Time：7月28,30号,8月1号下午2:00-3:00.

Venue：全9

报告者：高紫阳（巴黎第十一大学）

Titles:
1. History and motivation of the Ax-Lindemann theorem;
2. Sketch of the proof;
3. Diophantine estimate and the use of o-minimality

abstract：The Ax-Lindemann theorem is a functional algebraic independence statement, which generalizes (the analog of) the classical Lindemann-Weierstrass theorem. This theorem plays a key role in the Pila-Zannier method of proving the mixed Andre-Oort conjecture. Klingler-Ullmo-Yafaev have recently proved the Ax-Lindemann theorem for all pure Shimura varieties. Using their result, I proved it for all mixed Shimura varieties. The o-minimal theory, in particular the counting theorems of Pila-Wilkie, is very important for all the proofs.

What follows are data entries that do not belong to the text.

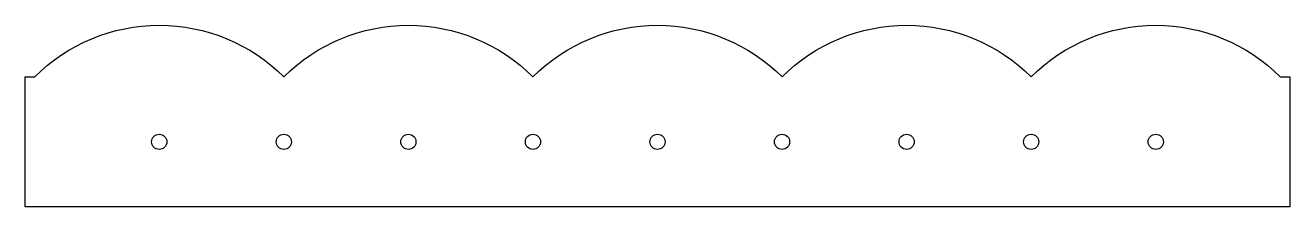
# Model space of a CAD drawing. Header units: millimetres. Extents: x -170 to 170, y 0 to 49.
import ezdxf

# ---------------------------------------------------------------- set-up
doc = ezdxf.new("R2010")
doc.units = ezdxf.units.MM
doc.layers.get('0').update_dxf_attribs({"linetype": 'CONTINUOUS'})

msp = doc.modelspace()

# ---------------------------------------------------------------- linework, layer by layer
msp.add_lwpolyline([(100.74, 35.02, -0.414214), (167.91, 35.02), (170.45, 35.02), (170.45, 0), (-170.45, 0), (-170.45, 35.02), (-167.91, 35.02, -0.414214), (-100.74, 35.02, -0.414214), (-33.58, 35.02, -0.414214), (33.58, 35.02, -0.414214)], format="xyb", close=True)
for centre in [(-134.33, 17.51), (-100.74, 17.51), (-67.16, 17.51), (-33.58, 17.51), (0, 17.51), (33.58, 17.51), (67.16, 17.51), (100.74, 17.51), (134.33, 17.51)]:
    msp.add_circle(centre, 2.05)

doc.saveas('drawing.dxf')

In the first talk, I will focus on the history of the Ax-Lindemann theorem. I will explain how this theorem is a natural generalization of the classical Lindemann-Weierstrass theorem. The basic definitions will be given during this review of history. At the end I will explain how this theorem is related to the Andre-Oort conjecture.

In the second talk, I will present the strategy of the proof assuming some results which I shall explain in the third talk.?The similarities and differences between my proof (for the mixed case) and the proof of KUY (for the pure case) will also be explained.

In the third talk we deal with the Diophantine estimates which we assumed last time. I will introduce (from the basic definition) the o-minimal theory, explain how it comes into the proof and then finish the proof.